Comcast Shakes Off Storms, Subscriber Losses to Beat Estimates
(Bloomberg) -- Comcast Corp. showed resilience against the twin threats of hurricanes and TV competition.
The biggest U.S. cable provider beat analysts’ estimates for third-quarter profit, and matched projections for revenue, even after the storms Harvey and Irma took a toll on subscriber gains. Comcast held steady in part by getting customers to pay more -- the average monthly bill climbed 2.1 percent from a year earlier to $151.51.
The results offer investors some comfort in what has been a tumultuous year in the media industry, with pay-TV companies and cable networks struggling to contend with the onslaught of new entertainment options, from Netflix to Snapchat. The hurricanes in Texas and Florida made things worse, forcing Comcast and other providers to keep technicians off the roads for safety.
Comcast lost 125,000 cable-TV customers, the biggest decline in three years. The company estimates about 20,000 of the customer losses were due to storms, suggesting the rest were from heavy competition. The advent of online streaming cable packages, like AT&T Inc.’s DirecTV Now, have made the field of rivals even more crowded.
Third-quarter profit increased to 52 cents a share, excluding some items, Comcast said Thursday in a statement. Analysts predicted 50 cents. Sales slumped 1.6 percent to $21 billion from a year earlier, when the 2016 Olympics inflated revenue.

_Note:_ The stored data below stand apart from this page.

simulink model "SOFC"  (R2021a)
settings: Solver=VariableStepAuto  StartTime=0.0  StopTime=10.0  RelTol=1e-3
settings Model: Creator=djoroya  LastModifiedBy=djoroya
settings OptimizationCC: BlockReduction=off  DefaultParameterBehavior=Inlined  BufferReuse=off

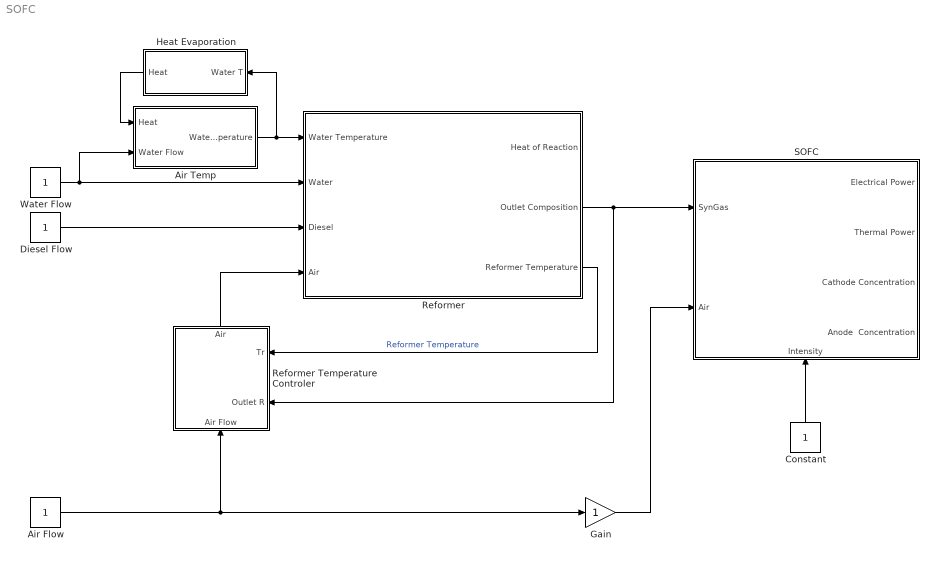
== system SOFC ==
  Air Flow : Constant
  Air Temp : Subsystem
  Constant : Constant
  Diesel Flow : Constant
  Gain : Gain
  Heat Evaporation : Subsystem
  Reformer : Subsystem
  Reformer Temperature Controler : Subsystem
      settings: PortSchema="{\"entries\":[{\"content\":{\"sides\":[{\"content\":{\"connectorIds\":[\"In1\",\"In2\"]},\"type\":\"ConnectorPlacement.EquallySpacedRectSide\",\"uuid\":\"f366bef7-1cbb-454c-ba22-5045f5dad993\"},{\"content\":{\"connectorIds\":[],\"side\":\"RIGHT\"},\"type\":\"ConnectorPlacement.EquallySpacedRectSide\",\"uuid\":\"c532895a-eea6-47ee-8799-b17744a19fa3\"},{\"content\":{\"connectorIds\":[\"Out1\"],\"side\":\"TOP\"},\"type\":\"ConnectorPlacement.EquallySpacedRectSide\",\"uuid\":\"b668778e-389b-4b28-b222-2d18ef70f538\"},{\"content\":{\"connectorIds\":[\"In3\"],\"side\":\"BOTTOM\"},\"type\":\"ConnectorPlacement.EquallySpacedRectSide\",\"uuid\":\"1611dce1-5d1a-4f48-9ab9-854e3377c643\"}]},\"type\":\"ConnectorPlacement.EquallySpacedConnector\",\"uuid\":\"ee861b9e-c999-44fa-90f8-d5c537479ed3\"}],\"packageUris\":[\"http://schema.mathworks.com/mf0/Connector/R2020b\"],\"version\":\"1.0\"}"
  SOFC : Subsystem
      settings: PortSchema="{\"entries\":[{\"content\":{\"sides\":[{\"content\":{\"connectorIds\":[\"In1\",\"In2\"]},\"type\":\"ConnectorPlacement.EquallySpacedRectSide\",\"uuid\":\"1940ef49-4b5a-4a2b-b4b2-e22fc2c3c082\"},{\"content\":{\"connectorIds\":[\"Out1\",\"Out2\",\"Out3\",\"Out4\"],\"side\":\"RIGHT\"},\"type\":\"ConnectorPlacement.EquallySpacedRectSide\",\"uuid\":\"6e4fcba8-b05e-4008-97af-823c00602f21\"},{\"content\":{\"connectorIds\":[],\"side\":\"TOP\"},\"type\":\"ConnectorPlacement.EquallySpacedRectSide\",\"uuid\":\"d1dbbd17-10ad-4348-9e67-987e9153d477\"},{\"content\":{\"connectorIds\":[\"In3\"],\"side\":\"BOTTOM\"},\"type\":\"ConnectorPlacement.EquallySpacedRectSide\",\"uuid\":\"c92de3b7-af8b-42ba-85d1-99583f405438\"}]},\"type\":\"ConnectorPlacement.EquallySpacedConnector\",\"uuid\":\"5036c0ee-5b5c-4b74-b95a-2adcd2a45d34\"}],\"packageUris\":[\"http://schema.mathworks.com/mf0/Connector/R2020b\"],\"version\":\"1.0\"}"
  Water Flow : Constant
  wires:
  Air Flow/1 -> Gain/1, Reformer Temperature Controler/3(Air Flow)
  Water Flow/1 -> Air Temp/2(Water Flow), Reformer/2(Water)
  Diesel Flow/1 -> Reformer/3(Diesel)
  Heat Evaporation/1("Heat ") -> Air Temp/1("Heat ")
  Air Temp/1(Water Temperature) -> Heat Evaporation/1(Water T), Reformer/1(Water Temperature)
  Constant/1 -> SOFC/3(Intensity)
  Gain/1 -> SOFC/2(Air)
  Reformer/2(Outlet Composition) -> SOFC/1(SynGas), Reformer Temperature Controler/2(Outlet R)
  Reformer/3(Reformer Temperature) -> Reformer Temperature Controler/1(Tr)  "Reformer Temperature"
  Reformer Temperature Controler/1(Air) -> Reformer/4(Air)

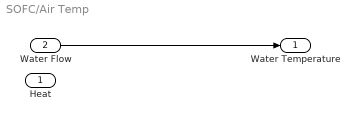
== system SOFC/Air Temp ==
  "Heat " : Inport
  Water Flow : Inport  Port=2
  Water Temperature : Outport
  wires:
  Water Flow/1 -> Water Temperature/1

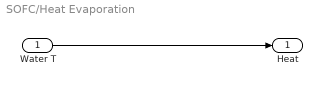
== system SOFC/Heat Evaporation ==
  Water T : Inport
  "Heat " : Outport
  wires:
  Water T/1 -> "Heat "/1

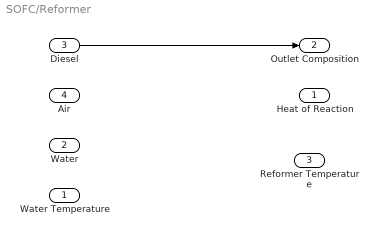
== system SOFC/Reformer ==
  Water Temperature : Inport
  Water : Inport  Port=2
  Diesel : Inport  Port=3
  Air : Inport  Port=4
  Heat of Reaction : Outport
  Outlet Composition : Outport  Port=2
  Reformer Temperature : Outport  Port=3
  wires:
  Diesel/1 -> Outlet Composition/1

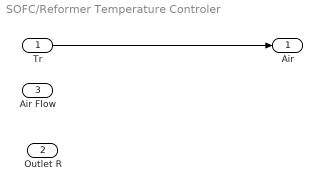
== system SOFC/Reformer Temperature Controler ==
  Tr : Inport
  Outlet R : Inport  Port=2
  Air Flow : Inport  Port=3
  Air : Outport
  wires:
  Tr/1 -> Air/1

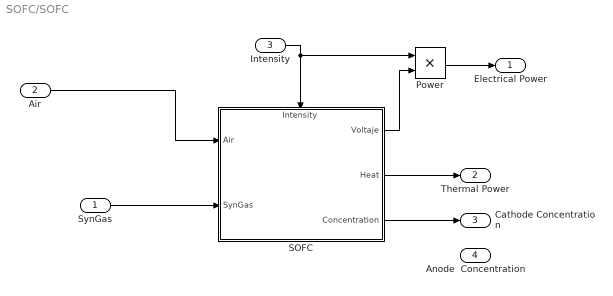
== system SOFC/SOFC ==
  SynGas : Inport
  Air : Inport  Port=2
  Intensity : Inport  Port=3
  Power : Product
  SOFC : Subsystem
      settings: PortSchema="{\"entries\":[{\"content\":{\"sides\":[{\"content\":{\"connectorIds\":[\"In1\",\"In2\"]},\"type\":\"ConnectorPlacement.EquallySpacedRectSide\",\"uuid\":\"f366bef7-1cbb-454c-ba22-5045f5dad993\"},{\"content\":{\"connectorIds\":[\"Out1\",\"Out2\",\"Out3\"],\"side\":\"RIGHT\"},\"type\":\"ConnectorPlacement.EquallySpacedRectSide\",\"uuid\":\"c532895a-eea6-47ee-8799-b17744a19fa3\"},{\"content\":{\"connectorIds\":[\"In3\"],\"side\":\"TOP\"},\"type\":\"ConnectorPlacement.EquallySpacedRectSide\",\"uuid\":\"b668778e-389b-4b28-b222-2d18ef70f538\"}]},\"type\":\"ConnectorPlacement.EquallySpacedConnector\",\"uuid\":\"ee861b9e-c999-44fa-90f8-d5c537479ed3\"}],\"packageUris\":[\"http://schema.mathworks.com/mf0/Connector/R2020b\"],\"version\":\"1.0\"}"
  Electrical Power : Outport
  Thermal Power : Outport  Port=2
  Cathode Concentration : Outport  Port=3
  Anode  Concentration : Outport  Port=4
  wires:
  SynGas/1 -> SOFC/2(SynGas)
  Air/1 -> SOFC/1(Air)
  Power/1 -> Electrical Power/1
  SOFC/1(Voltaje) -> Power/2
  SOFC/3(Concentration) -> Cathode Concentration/1
  SOFC/2(Heat) -> Thermal Power/1
  Intensity/1 -> SOFC/3(Intensity), Power/1

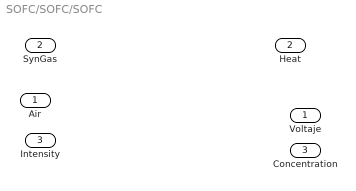
== system SOFC/SOFC/SOFC ==
  Air : Inport
  SynGas : Inport  Port=2
  Intensity : Inport  Port=3
  Voltaje : Outport
  Heat : Outport  Port=2
  Concentration : Outport  Port=3

Comcast is competing for video customers with new online services like Dish Network Corp.’s Sling TV, as well as streaming services like Netflix and Hulu. While the industry has struggled with the rise of cord-cutters who drop pay-TV service, Comcast has generally held up better than its competitors.
AT&T, the company’s biggest rival, lost 390,000 satellite and u-Verse TV customers, defections that were mostly offset by DirecTV Now subscriber gains and resulted in a net loss of 90,000 video subscribers in the quarter.
Selling broadband internet service has become a key part of Comcast’s future, since it’s more profitable than selling TV service and even cord-cutters require Internet connections. But the storms took their toll there too. The company signed up 214,000 high-speed internet customers in the quarter, compared with analysts’ estimates of 267,000.